Logging.LogDebugInfoInterval
LogDebugInfoInterval specifies the interval for logging debug information.
Logging.Mode
Mode specifies the logging mode. One of: default, json.
NameProvider
NameProvider specifies the method used to generate names for the node. One of: hostname, aws, gcp, uuid, puuid.
Orchestrator.Advertise
Advertise specifies URL to advertise to other servers.
Orchestrator.Auth.Token
Token specifies the key for compute nodes to be able to access the orchestrator
Orchestrator.Cluster.Advertise
Advertise specifies the address to advertise to other cluster members.
Orchestrator.Cluster.Host
Host specifies the hostname or IP address for cluster communication.
Orchestrator.Cluster.Name
Name specifies the unique identifier for this orchestrator cluster.
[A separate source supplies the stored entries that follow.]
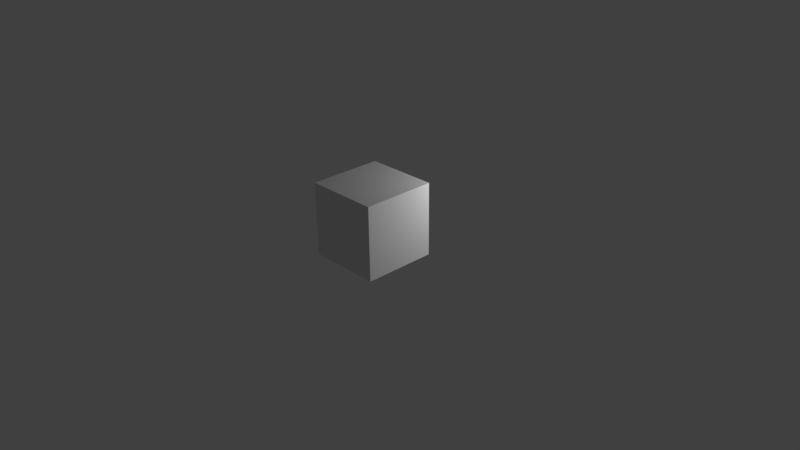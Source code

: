 # Source: null_model.blend  (saved by Blender 2.77.0; exported with 4.5.12 LTS)
import bpy
from mathutils import Matrix  # noqa: F401  (used for matrix-valued properties, if any)

bpy.ops.wm.read_factory_settings(use_empty=True)
scene = bpy.context.scene
scene.name = 'Scene'

# ---- collections
col_collection_1 = bpy.data.collections.new('Collection 1'); scene.collection.children.link(col_collection_1)

# ---- materials (node trees are filled in below, after node groups)
mat_material = bpy.data.materials.new('Material')
mat_material.alpha_threshold = 0.0
mat_material.use_transparent_shadow = False
mat_material.roughness = 0.5
mat_material.line_color = (0.0, 0.0, 0.0, 1.0)

# ---- material node trees

# ---- world
world_world = bpy.data.worlds.new('World'); scene.world = world_world
world_world.color = (0.05088, 0.05088, 0.05088)
world_world.use_sun_shadow = False
world_world.sun_shadow_jitter_overblur = 0.0
world_world.cycles.sampling_method = 'MANUAL'

# ---- cameras
cam_camera = bpy.data.cameras.new('Camera')
cam_camera.clip_end = 100.0
cam_camera.lens = 35.0
cam_camera.sensor_width = 32.0
cam_camera.sensor_height = 18.0
cam_camera.ortho_scale = 7.314
cam_camera.dof.focus_distance = 0.0
cam_camera.dof.aperture_fstop = 128.0

# ---- lights
light_lamp = bpy.data.lights.new('Lamp', 'POINT')
light_lamp.transmission_factor = 0.0
light_lamp.cutoff_distance = 30.0
light_lamp.energy = 100.0
light_lamp.shadow_buffer_clip_start = 1.001
light_lamp.shadow_soft_size = 0.1
light_lamp.shadow_maximum_resolution = 0.006
light_lamp.use_absolute_resolution = True

# ---- meshes
me_cube = bpy.data.meshes.new('Cube')
me_cube.from_pydata([(0.5, 0.5, 0.0), (0.5, -0.5, 0.0), (-0.5, -0.5, 0.0), (-0.5, 0.5, 0.0), (0.5, 0.5, 1.0), (0.5, -0.5, 1.0), (-0.5, -0.5, 1.0), (-0.5, 0.5, 1.0)], [], [(0, 1, 2, 3), (4, 7, 6, 5), (0, 4, 5, 1), (1, 5, 6, 2), (2, 6, 7, 3), (4, 0, 3, 7)])
_uv = me_cube.uv_layers.new(name='UVMap')
_uv.uv.foreach_set('vector', [0.75, 0.75, 0.75, 0.25, 0.25, 0.25, 0.25, 0.75, 0.75, 0.75, 0.25, 0.75, 0.25, 0.25, 0.75, 0.25, 1.0, 0.0, 1.0, 1.0, -1.788e-07, 1.0, 0.0, 0.0, 1.0, 0.0, 1.0, 1.0, -1.192e-07, 1.0, -5.96e-08, 0.0, 5.96e-08, 0.0, 5.96e-08, 1.0, 1.0, 1.0, 1.0, 0.0, 1.0, 1.0, 1.0, 0.0, 8.941e-08, 0.0, 0.0, 1.0])
me_cube.materials.append(mat_material)
me_cube.use_remesh_preserve_volume = False
me_cube.use_remesh_preserve_attributes = False
me_cube.use_mirror_vertex_groups = False
me_cube.update()

# ---- objects
ob_cube = bpy.data.objects.new('Cube', me_cube)
ob_lamp = bpy.data.objects.new('Lamp', light_lamp)
ob_camera = bpy.data.objects.new('Camera', cam_camera)

# ---- transforms, parenting, visibility, modifiers, constraints
ob_cube.location = (0.0, 0.0, 0.0)
ob_cube.lock_rotations_4d = False
ob_cube.empty_display_type = 'ARROWS'
ob_cube.lineart.crease_threshold = 0.0
ob_lamp.location = (1.466, 1.55, 1.502)
ob_lamp.rotation_euler = (0.6503, 0.05522, 1.866)
ob_lamp.lock_rotations_4d = False
ob_lamp.empty_display_type = 'ARROWS'
ob_lamp.color = (0.0, 0.0, 0.0, 0.0)
ob_lamp.lineart.crease_threshold = 0.0
ob_camera.location = (7.481, -6.508, 5.344)
ob_camera.rotation_euler = (1.109, 0.01082, 0.8149)
ob_camera.lock_rotations_4d = False
ob_camera.empty_display_type = 'ARROWS'
ob_camera.color = (0.0, 0.0, 0.0, 0.0)
ob_camera.display_type = 'WIRE'
ob_camera.lineart.crease_threshold = 0.0

# ---- collection membership
col_collection_1.objects.link(ob_cube)
col_collection_1.objects.link(ob_lamp)
col_collection_1.objects.link(ob_camera)

# ---- scene / render settings (as saved in the file)
scene.camera = ob_camera
scene.frame_start = 1; scene.frame_end = 250; scene.frame_set(1)
scene.render.engine = 'BLENDER_EEVEE_NEXT'
scene.render.resolution_percentage = 50
scene.render.dither_intensity = 0.0
scene.cycles.use_denoising = False
scene.cycles.samples = 128
scene.cycles.sampling_pattern = 'TABULATED_SOBOL'
scene.cycles.light_sampling_threshold = 0.0
scene.cycles.use_adaptive_sampling = False
scene.cycles.use_light_tree = False
scene.cycles.blur_glossy = 0.0
scene.cycles.sample_clamp_indirect = 0.0
scene.view_settings.view_transform = 'Standard'
bpy.context.view_layer.update()
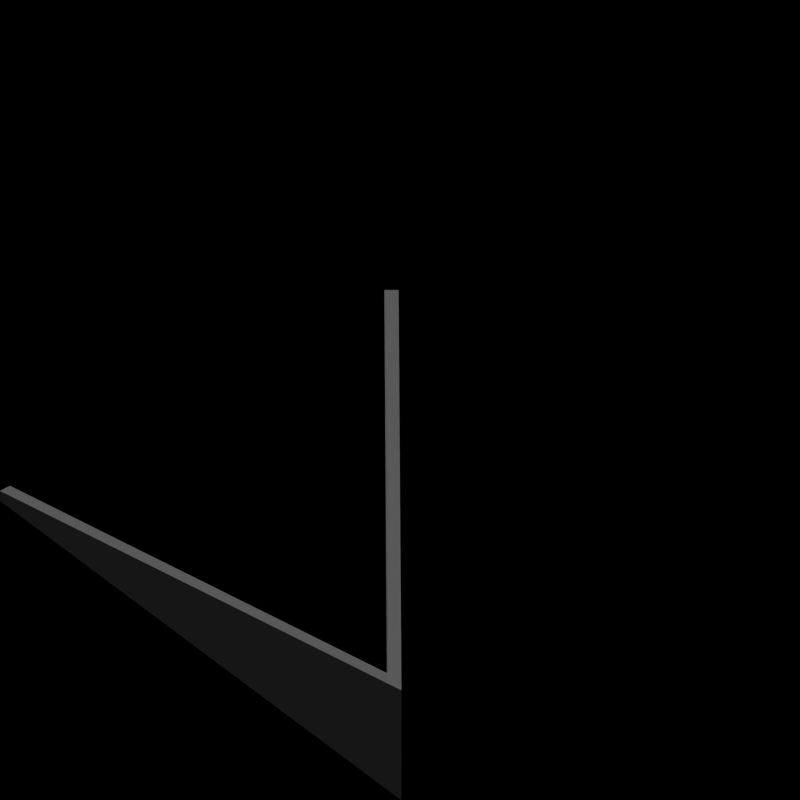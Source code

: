 # Source: foundations_toyland.blend  (saved by Blender 2.63.0; exported with 4.5.12 LTS)
import bpy
from mathutils import Matrix  # noqa: F401  (used for matrix-valued properties, if any)

bpy.ops.wm.read_factory_settings(use_empty=True)
scene = bpy.context.scene
scene.name = 'Scene'

# ---- collections
col_collection_1 = bpy.data.collections.new('Collection 1'); scene.collection.children.link(col_collection_1)

# ---- materials (node trees are filled in below, after node groups)
mat_foundation_toyland = bpy.data.materials.new('Foundation_Toyland')

# ---- material node trees

# ---- world
world_world = bpy.data.worlds.new('World'); scene.world = world_world
world_world.color = (0.0, 0.0, 0.0)
world_world.use_sun_shadow = False
world_world.sun_shadow_jitter_overblur = 0.0
world_world.cycles.sampling_method = 'MANUAL'
world_world.cycles.sample_map_resolution = 256
world_world.light_settings.ao_factor = 0.5

# ---- cameras
cam_camera = bpy.data.cameras.new('Camera')
cam_camera.type = 'ORTHO'
cam_camera.clip_end = 100.0
cam_camera.lens = 35.0
cam_camera.sensor_width = 32.0
cam_camera.sensor_height = 18.0
cam_camera.ortho_scale = 2.828
cam_camera.dof.focus_distance = 0.0
cam_camera.dof.aperture_fstop = 128.0

# ---- lights
light_lamp = bpy.data.lights.new('Lamp', 'SUN')
light_lamp.transmission_factor = 0.0
light_lamp.cutoff_distance = 30.0
light_lamp.angle = 1.571
light_lamp.energy = 1.0
light_lamp.shadow_buffer_clip_start = 1.001
light_lamp.shadow_soft_size = 1.0
light_lamp.shadow_cascade_max_distance = 1000.0
light_lamp.cycles.use_multiple_importance_sampling = False

# ---- meshes
me_plane_006 = bpy.data.meshes.new('Plane.006')
me_plane_006.from_pydata([(-41.0, 1.0, 0.55), (-1.0, -1.0, 0.5), (1.0, 1.0, 0.5), (-1.0, 1.0, 0.5), (1.0, -1.0, 0.5), (-36.0, 1.0, 0.55), (1.0, 1.0, 0.0), (-1.0, 1.0, 0.0), (1.0, -1.0, 0.55), (-1.0, -1.0, 0.55), (1.0, 1.0, 0.55), (-1.0, 1.0, 0.55), (6.0, -1.0, 0.5), (4.0, -1.0, 0.5), (6.0, 1.0, 0.5), (4.0, 1.0, 0.5), (6.0, -1.0, 0.0), (4.0, -1.0, 0.0), (6.0, 1.0, 0.0), (4.0, 1.0, 0.0), (6.0, -1.0, 0.55), (4.0, -1.0, 0.55), (6.0, 1.0, 0.55), (4.0, 1.0, 0.55), (-4.0, -1.0, 0.5), (-6.0, -1.0, 0.5), (-6.0, 1.0, 0.5), (-4.0, -1.0, 0.0), (-34.0, 1.0, 0.55), (-4.0, 1.0, 0.5), (-6.0, 1.0, 0.0), (-4.0, -1.0, 0.55), (-6.0, -1.0, 0.55), (-4.0, 1.0, 0.55), (-6.0, 1.0, 0.55), (-9.0, -1.0, 0.5), (-11.0, -1.0, 0.5), (-9.0, 1.0, 0.5), (-11.0, 1.0, 0.5), (-36.0, -1.0, 0.55), (-34.0, -1.0, 0.55), (-11.0, 1.0, 0.0), (-9.0, -1.0, 0.55), (-11.0, -1.0, 0.55), (-9.0, 1.0, 0.55), (-11.0, 1.0, 0.55), (-14.0, -1.0, 0.5), (-16.0, -1.0, 0.5), (-14.0, 1.0, 0.5), (-16.0, 1.0, 0.5), (-14.0, -1.0, 0.0), (-14.0, 1.0, 0.0), (-14.0, -1.0, 0.55), (-16.0, -1.0, 0.55), (-14.0, 1.0, 0.55), (-16.0, 1.0, 0.55), (-19.0, -1.0, 0.5), (-21.0, -1.0, 0.5), (-19.0, 1.0, 0.5), (-19.0, 1.0, 0.0), (-21.0, 1.0, 0.5), (-19.0, -1.0, 0.55), (-21.0, -1.0, 0.55), (-19.0, 1.0, 0.55), (-21.0, 1.0, 0.55), (-24.0, -1.0, 0.5), (-26.0, -1.0, 0.5), (-26.0, 1.0, 0.5), (-24.0, -1.0, 0.0), (-36.0, 1.0, 0.0), (-24.0, 1.0, 0.5), (-34.0, 1.0, 0.0), (-24.0, -1.0, 0.55), (-26.0, -1.0, 0.55), (-24.0, 1.0, 0.55), (-26.0, 1.0, 0.55), (-29.0, -1.0, 0.5), (-31.0, -1.0, 0.5), (-31.0, 1.0, 0.5), (-34.0, -1.0, 0.0), (-36.0, 1.0, 0.5), (-34.0, 1.0, 0.5), (-36.0, -1.0, 0.5), (-29.0, -1.0, 0.55), (-31.0, -1.0, 0.55), (-34.0, -1.0, 0.5), (-31.0, 1.0, 0.55), (-39.0, 1.0, 0.55), (-41.0, -1.0, 0.55), (-39.0, -1.0, 0.55), (-41.0, 1.0, 0.0), (-39.0, 1.0, 0.0), (-39.0, -1.0, 0.5), (-41.0, 1.0, 0.5), (-39.0, 1.0, 0.5), (-41.0, -1.0, 0.5), (-46.0, 1.0, 0.55), (-44.0, 1.0, 0.55), (-46.0, -1.0, 0.55), (-44.0, -1.0, 0.55), (-46.0, 1.0, 0.0), (-44.0, -1.0, 0.0), (-46.0, 1.0, 0.5), (-44.0, 1.0, 0.5), (-46.0, -1.0, 0.5), (-44.0, -1.0, 0.5), (-51.0, 1.0, 0.55), (-49.0, 1.0, 0.55), (-51.0, -1.0, 0.55), (-49.0, -1.0, 0.55), (-51.0, 1.0, 0.0), (-51.0, 1.0, 0.5), (-49.0, 1.0, 0.5), (-51.0, -1.0, 0.5), (-49.0, -1.0, 0.5), (-56.0, 1.0, 0.55), (-54.0, 1.0, 0.55), (-56.0, -1.0, 0.55), (-54.0, -1.0, 0.55), (-54.0, 1.0, 0.0), (-54.0, -1.0, 0.0), (-56.0, 1.0, 0.5), (-54.0, 1.0, 0.5), (-56.0, -1.0, 0.5), (-54.0, -1.0, 0.5), (-61.0, 1.0, 0.55), (-59.0, 1.0, 0.55), (-61.0, -1.0, 0.55), (-59.0, -1.0, 0.55), (-59.0, 1.0, 0.0), (-59.0, -1.0, 0.5), (-61.0, 1.0, 0.5), (-59.0, 1.0, 0.5), (-61.0, -1.0, 0.5), (-66.0, 1.0, 0.55), (-64.0, 1.0, 0.55), (-66.0, -1.0, 0.55), (-64.0, -1.0, 0.55), (-64.0, 1.0, 0.5), (-64.0, -1.0, 0.0), (-66.0, 1.0, 0.5), (-66.0, -1.0, 0.5), (-64.0, -1.0, 0.5), (-74.0, -1.0, 0.5), (-76.0, -1.0, 0.5), (-236.0, 1.0, 0.5), (-76.0, 1.0, 0.0), (-79.0, -1.0, 0.0), (-79.0, -1.0, 0.5), (-74.0, -1.0, 0.55), (-76.0, -1.0, 0.55), (-81.0, -1.0, 0.0), (-76.0, 1.0, 0.05), (-79.0, 1.0, 0.5), (-79.0, -1.0, 0.55), (-81.0, -1.0, 0.05), (-79.0, 1.0, 0.55), (-69.0, -1.0, 0.5), (-226.0, 1.0, 0.5), (-224.0, -1.0, 0.5), (-226.0, -1.0, 0.5), (-86.0, 1.0, 0.5), (-86.0, -1.0, 0.0), (-84.0, 1.0, 0.5), (-86.0, 1.0, 0.0), (-224.0, 1.0, 0.5), (-86.0, -1.0, 0.05), (-84.0, 1.0, 0.55), (-86.0, 1.0, 0.55), (-224.0, -1.0, 0.0), (-89.0, -1.0, 0.0), (-91.0, 1.0, 0.5), (-91.0, -1.0, 0.5), (-226.0, 1.0, 0.0), (-224.0, -1.0, 0.55), (-89.0, -1.0, 0.05), (-91.0, -1.0, 0.55), (-226.0, -1.0, 0.55), (-91.0, 1.0, 0.55), (-96.0, -1.0, 0.0), (-94.0, -1.0, 0.0), (-96.0, 1.0, 0.5), (-94.0, 1.0, 0.5), (-94.0, 1.0, 0.0), (-94.0, -1.0, 0.05), (-96.0, -1.0, 0.05), (-94.0, 1.0, 0.55), (-96.0, 1.0, 0.55), (-226.0, 1.0, 0.55), (-224.0, 1.0, 0.55), (-99.0, -1.0, 0.0), (-101.0, 1.0, 0.5), (-101.0, -1.0, 0.5), (-99.0, 1.0, 0.0), (-101.0, 1.0, 0.0), (-99.0, -1.0, 0.05), (-101.0, -1.0, 0.55), (-99.0, 1.0, 0.05), (-101.0, 1.0, 0.55), (-221.0, 1.0, 0.55), (-104.0, -1.0, 0.0), (-104.0, -1.0, 0.5), (-106.0, 1.0, 0.0), (-106.0, -1.0, 0.5), (-104.0, 1.0, 0.0), (-219.0, 1.0, 0.55), (-104.0, -1.0, 0.55), (-106.0, -1.0, 0.55), (-104.0, 1.0, 0.05), (-106.0, 1.0, 0.05), (-221.0, -1.0, 0.55), (-109.0, -1.0, 0.5), (-111.0, 1.0, 0.5), (-109.0, 1.0, 0.5), (-111.0, -1.0, 0.5), (-109.0, 1.0, 0.0), (-111.0, 1.0, 0.0), (-109.0, -1.0, 0.55), (-111.0, -1.0, 0.55), (-109.0, 1.0, 0.55), (-111.0, 1.0, 0.55), (-219.0, -1.0, 0.55), (-114.0, -1.0, 0.0), (-114.0, -1.0, 0.5), (-116.0, 1.0, 0.5), (-116.0, -1.0, 0.5), (-114.0, 1.0, 0.5), (-116.0, 1.0, 0.0), (-114.0, -1.0, 0.55), (-116.0, -1.0, 0.55), (-114.0, 1.0, 0.55), (-116.0, 1.0, 0.55), (-221.0, 1.0, 0.0), (-219.0, 1.0, 0.0), (-121.0, 1.0, 0.5), (-119.0, 1.0, 0.5), (-121.0, -1.0, 0.5), (-121.0, 1.0, 0.0), (-121.0, -1.0, 0.55), (-119.0, 1.0, 0.55), (-121.0, 1.0, 0.55), (-221.0, 1.0, 0.5), (-124.0, -1.0, 0.0), (-124.0, -1.0, 0.5), (-124.0, 1.0, 0.5), (-126.0, -1.0, 0.5), (-124.0, 1.0, 0.0), (-126.0, 1.0, 0.5), (-124.0, -1.0, 0.55), (-126.0, -1.0, 0.55), (-124.0, 1.0, 0.55), (-126.0, 1.0, 0.55), (-219.0, 1.0, 0.5), (-129.0, -1.0, 0.5), (-131.0, 1.0, 0.5), (-129.0, 1.0, 0.5), (-131.0, -1.0, 0.5), (-129.0, 1.0, 0.0), (-129.0, -1.0, 0.55), (-131.0, -1.0, 0.55), (-129.0, 1.0, 0.55), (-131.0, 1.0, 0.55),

Orchestrator.Cluster.Peers
Peers is a list of other cluster members to connect to on startup.
Orchestrator.Cluster.Port
Port specifies the port number for cluster communication.
Orchestrator.Enabled
Enabled indicates whether the orchestrator node is active and available for job submission.
Orchestrator.EvaluationBroker.MaxRetryCount
MaxRetryCount specifies the maximum number of times an evaluation can be retried before being marked as failed.
Orchestrator.EvaluationBroker.VisibilityTimeout
VisibilityTimeout specifies how long an evaluation can be claimed before it's returned to the queue.
Orchestrator.Host
Host specifies the hostname or IP address on which the Orchestrator server listens for compute node connections.
Orchestrator.NodeManager.DisconnectTimeout
DisconnectTimeout specifies how long to wait before considering a node disconnected.
Orchestrator.NodeManager.ManualApproval
ManualApproval, if true, requires manual approval for new compute nodes joining the cluster.
Orchestrator.Port
Host specifies the port number on which the Orchestrator server listens for compute node connections.
Orchestrator.Scheduler.HousekeepingInterval
HousekeepingInterval specifies how often to run housekeeping tasks.
Orchestrator.Scheduler.HousekeepingTimeout
HousekeepingTimeout specifies the maximum time allowed for a single housekeeping run.
Orchestrator.Scheduler.QueueBackoff
QueueBackoff specifies the time to wait before retrying a failed job.
Orchestrator.Scheduler.WorkerCount
WorkerCount specifies the number of concurrent workers for job scheduling.
Orchestrator.SupportReverseProxy
SupportReverseProxy configures the orchestrator node to run behind a reverse proxy
Orchestrator.TLS.CACert
CACert specifies the CA file path that the orchestrator node trusts when connecting to NATS server.
Orchestrator.TLS.ServerCert
ServerCert specifies the certificate file path given to NATS server to serve TLS connections.
Orchestrator.TLS.ServerKey
ServerKey specifies the private key file path given to NATS server to serve TLS connections.
Orchestrator.TLS.ServerTimeout
ServerTimeout specifies the TLS timeout, in seconds, set on the NATS server.
Publishers.Disabled
Disabled specifies a list of publishers that are disabled.
Publishers.Types.IPFS.Endpoint
Endpoint specifies the multi-address to connect to for IPFS. e.g /ip4/127.0.0.1/tcp/5001
Publishers.Types.Local.Address
Address specifies the endpoint the publisher serves on.
Publishers.Types.Local.Port
Port specifies the port the publisher serves on.
Publishers.Types.S3.PreSignedURLDisabled
PreSignedURLDisabled specifies whether pre-signed URLs are enabled for the S3 provider.
Publishers.Types.S3.PreSignedURLExpiration
PreSignedURLExpiration specifies the duration before a pre-signed URL expires.
ResultDownloaders.Disabled
Disabled is a list of downloaders that are disabled.
ResultDownloaders.Timeout
Timeout specifies the maximum time allowed for a download operation.
ResultDownloaders.Types.IPFS.Endpoint
Endpoint specifies the multi-address to connect to for IPFS. e.g /ip4/127.0.0.1/tcp/5001
StrictVersionMatch
StrictVersionMatch indicates whether to enforce strict version matching.
UpdateConfig.Interval
Interval specifies the time between update checks, when set to 0 update checks are not performed.
WebUI.Backend
Backend specifies the address and port of the backend API server. If empty, the Web UI will use the same address and port as the API server.
WebUI.Enabled
Enabled indicates whether the Web UI is enabled.
WebUI.Listen
Listen specifies the address and port on which the Web UI listens.